# Ball Oilers.  Scarce As Hen's Teeth



## Muskt (Sep 26, 2016)

Well, I have 2-3 bad oilers on my 1236.  They appear to be 6MM.  I have searched the internet relatively thoroughly, & have (for the most part) failed to locate any (at least any that are remotely affordable).  

Fastenal lists them--went to the local store, & after 7-10 days of dinking around with the salesperson, I was told that their cost is $1.17 (not bad, I think); however, my cost would be $2.93, & I would be required to purchase 43 of them.  Talk about sticker shock, & amazing mark-up.

Back to the net.  I located a company in Long Island that advertises them for $1.00.  I called them up, and was told that they were wholesale only; BUT, they may be able to work with me--Is this really a company in NY?  Anyway, they called me back a couple of hours later and said that Gits only had one in stock, and that I would need to spend $75 (no per unit cost provided), and that it would be at least 35 days before delivery.

So, do any of you have any?
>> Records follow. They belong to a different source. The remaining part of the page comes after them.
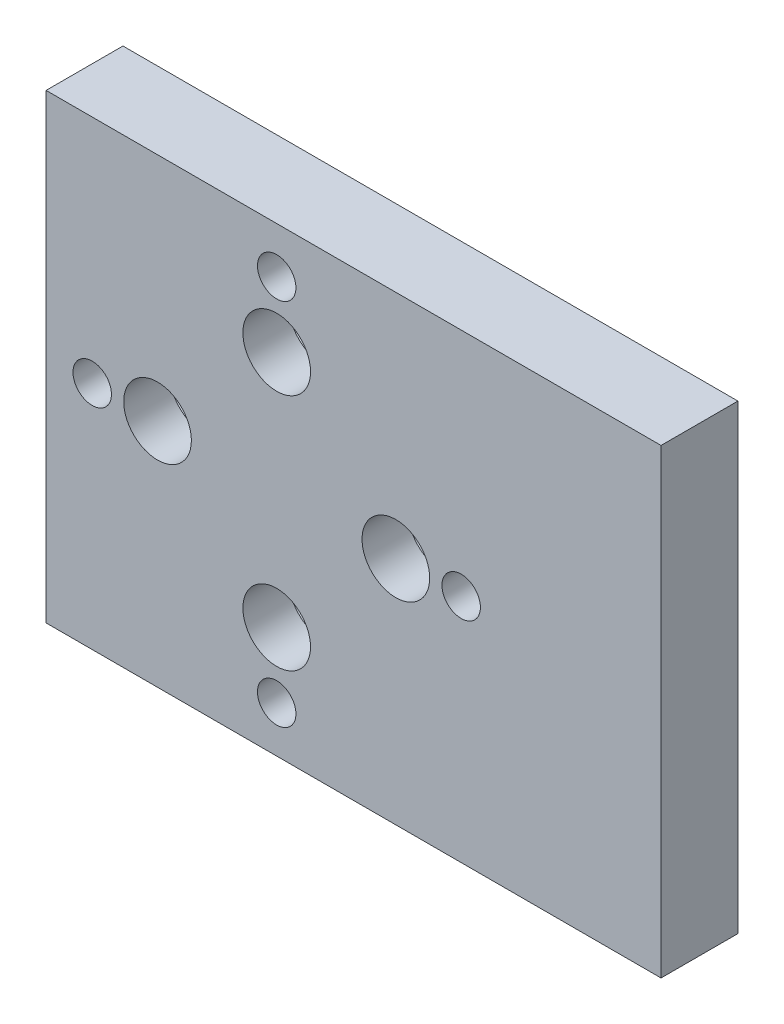
SolidWorks part; units mm, degrees
ref_plane "정면" through (0, 0, 0) normal (0, 0, 1) x (1, 0, 0)
ref_plane "윗면" through (0, 0, 0) normal (0, 1, 0) x (1, 0, 0)
ref_plane "우측면" through (0, 0, 0) normal (1, 0, 0) x (0, 0, -1)
sketch "스케치1" plane through (0, 0, 0) normal (0, 0, 1) x (1, 0, 0)
  line L1 (-40, 30) -> (40, 30)
  line L2 (-40, 30) -> (-40, -30)
  line L3 (-40, -30) -> (40, -30)
  line L4 (40, 30) -> (40, -30)
  line L5 (0, -30) -> (0, 30) construction
  line L6 (-40, 0) -> (40, 0) construction
  point P0 (0, 0)
  dimension "D1" = 60
  dimension "D2" = 80
extrude "보스-돌출1" add sketch "스케치1" along normal blind 10
sketch "스케치2" plane through (0, 0, 10) normal (0, 0, 1) x (1, 0, 0)
  line L0 (0, 30) -> (0, -30) construction
  line L1 (40, 30) -> (-40, 30) construction
  line L2 (-40, -30) -> (40, -30) construction
  line L3 (0, -30) -> (-40, 0) construction
  line L4 (-40, 30) -> (-40, -30) construction
  line L5 (-40, 0) -> (40, 0) construction
  line L6 (40, -30) -> (40, 30) construction
  line L7 (40, 0) -> (0, 30) construction
  line L8 (0, 30) -> (-40, 0) construction
  line L9 (-10, 15.5) -> (-10, -15.5) construction
  line L10 (-10, -15.5) -> (-25.5, 0) construction
  line L11 (-25.5, 0) -> (5.5, 0) construction
  circle A0 centre (-10, 0) radius 15.5
  circle A1 centre (-10, 0) radius 24
  point P6 (-10, 0)
  point P19 (-34, 0)
  point P20 (-10, 24)
  point P22 (-10, -24)
  point P23 (14, 0)
  dimension "D1" = 30
hole_wizard "M5 탭을 위한 탭 드릴1" positions "3D스케치1" profile "스케치4" hole size "M5" standard "KS" end condition through all
sketch3d "3D스케치1"
  point P0 (-25.5, 0, 10)
  point P3 (-10, -15.5, 10)
  point P6 (5.5, 0, 10)
  point P9 (-10, 15.5, 10)
sketch "스케치4" plane through (-25.5, 0, 10) normal (1, 0, 0) x (0, -1, 0)
  line L0 (0, 0) -> (0, 10)
  line L1 (0, 10) -> (2.1, 10)
  line L2 (2.1, 10) -> (2.1, 0)
  line L5 (2.1, 0) -> (0, 0)
  line L11 (0, -6.35) -> (0, 107.95) construction
  dimension "관통 구멍 지름" = 4.2
  dimension "관통 구멍 깊이" = 10
hole_wizard "Ø8.8 (8.8) 지름 구멍1" positions "3D스케치3" profile "스케치6" hole size "Ø8.8" standard "KS"
sketch3d "3D스케치3"
  point P0 (-25.5, 0, 10)
  point P4 (-10, 15.5, 10)
  point P7 (5.5, 0, 10)
  point P10 (-10, -15.5, 10)
sketch "스케치6" plane through (-25.5, 0, 10) normal (1, 0, 0) x (0, -1, 0)
  line L0 (0, 0) -> (0, 8.6438)
  line L1 (0, 8.6438) -> (4.4, 6)
  line L2 (4.4, 6) -> (4.4, 0)
  line L5 (4.4, 0) -> (0, 0)
  line L10 (0, 8.6438) -> (-4.4, 6) construction
  line L11 (0, -6.35) -> (0, 107.95) construction
  dimension "구멍 지름" = 8.8
  dimension "구멍 깊이" = 6
  dimension "드릴 각도" = 118
ref_plane "평면1" through (0, 0, 0) normal (0, 0, -1) x (-1, 0, 0)
sketch "스케치9" plane through (0, 0, 0) normal (0, 0, -1) x (-1, 0, 0)
  line L0 (-40, 0) -> (40, 0) construction
  line L1 (40, 0) -> (0, 30) construction
  line L2 (-40, 30) -> (40, 30) construction
  line L3 (0, 30) -> (0, -30) construction
  line L4 (40, -30) -> (-40, -30) construction
  line L5 (0, -30) -> (-40, 0) construction
  line L6 (-40, 0) -> (0, 30) construction
hole_wizard "M6 탭을 위한 탭 드릴1" positions "3D스케치4" profile "스케치10" hole size "M6" standard "KS"
sketch3d "3D스케치4"
  point P0 (-10, 24, 10)
  point P3 (-34, 0, 10)
  point P6 (-10, -24, 10)
  point P9 (14, 0, 10)
sketch "스케치10" plane through (-10, 24, 10) normal (1, 0, 0) x (0, -1, 0)
  line L0 (0, 0) -> (0, 6.5022)
  line L1 (0, 6.5022) -> (2.5, 5)
  line L2 (2.5, 5) -> (2.5, 0)
  line L5 (2.5, 0) -> (0, 0)
  line L10 (0, 6.5022) -> (-2.5, 5) construction
  line L11 (0, -6.35) -> (0, 107.95) construction
  dimension "구멍 지름" = 5
  dimension "구멍 깊이" = 5
  dimension "드릴 각도" = 118

Or do you know of a source?

If that fails, would any of you be inclined to go in with me to obtain the minimum number---Fastenal will not charge any shipping, & the cost for 43 was quoted as $125.99.

If any are interested, they would cost $2.93 each, plus $2-$3 total for shipping from me to you.

I have a faint memory that there are somewhere around 12-15 on a 1236.  I plan to replace them all, assuming I can obtain some without mortgaging my firstborn.

Jerry in Delaware


----------



## davidpbest (Sep 26, 2016)

Gits Manufacturing in Iowa carries metric ball-valve oilers.   800-323-3238   or http://www.gitsmfg.com/metric-ball-valve-oilers/


----------



## RJSakowski (Sep 26, 2016)

Check McMaster Carr. http://www.mcmaster.com/#standard-oil-cups/=14c7jmq
Scroll to the bottom of the page


----------



## davidpbest (Sep 26, 2016)

RJSakowski said:


> Check McMaster Carr. http://www.mcmaster.com/#standard-oil-cups/=14c7jmq
> Scroll to the bottom of the page


McMaster does not sell metric ball-valve oilers - been down that road already.


----------



## lpeedin (Sep 26, 2016)

You sure 1/4" won't work? http://www.ebay.com/itm/181769656423?_trksid=p2055119.m1438.l2649&ssPageName=STRK:MEBIDX:IT


----------



## Dan_S (Sep 26, 2016)

personaly, I'd drill out the hole to accept 1/4" ones and then pick them up form any of the standard online retailers.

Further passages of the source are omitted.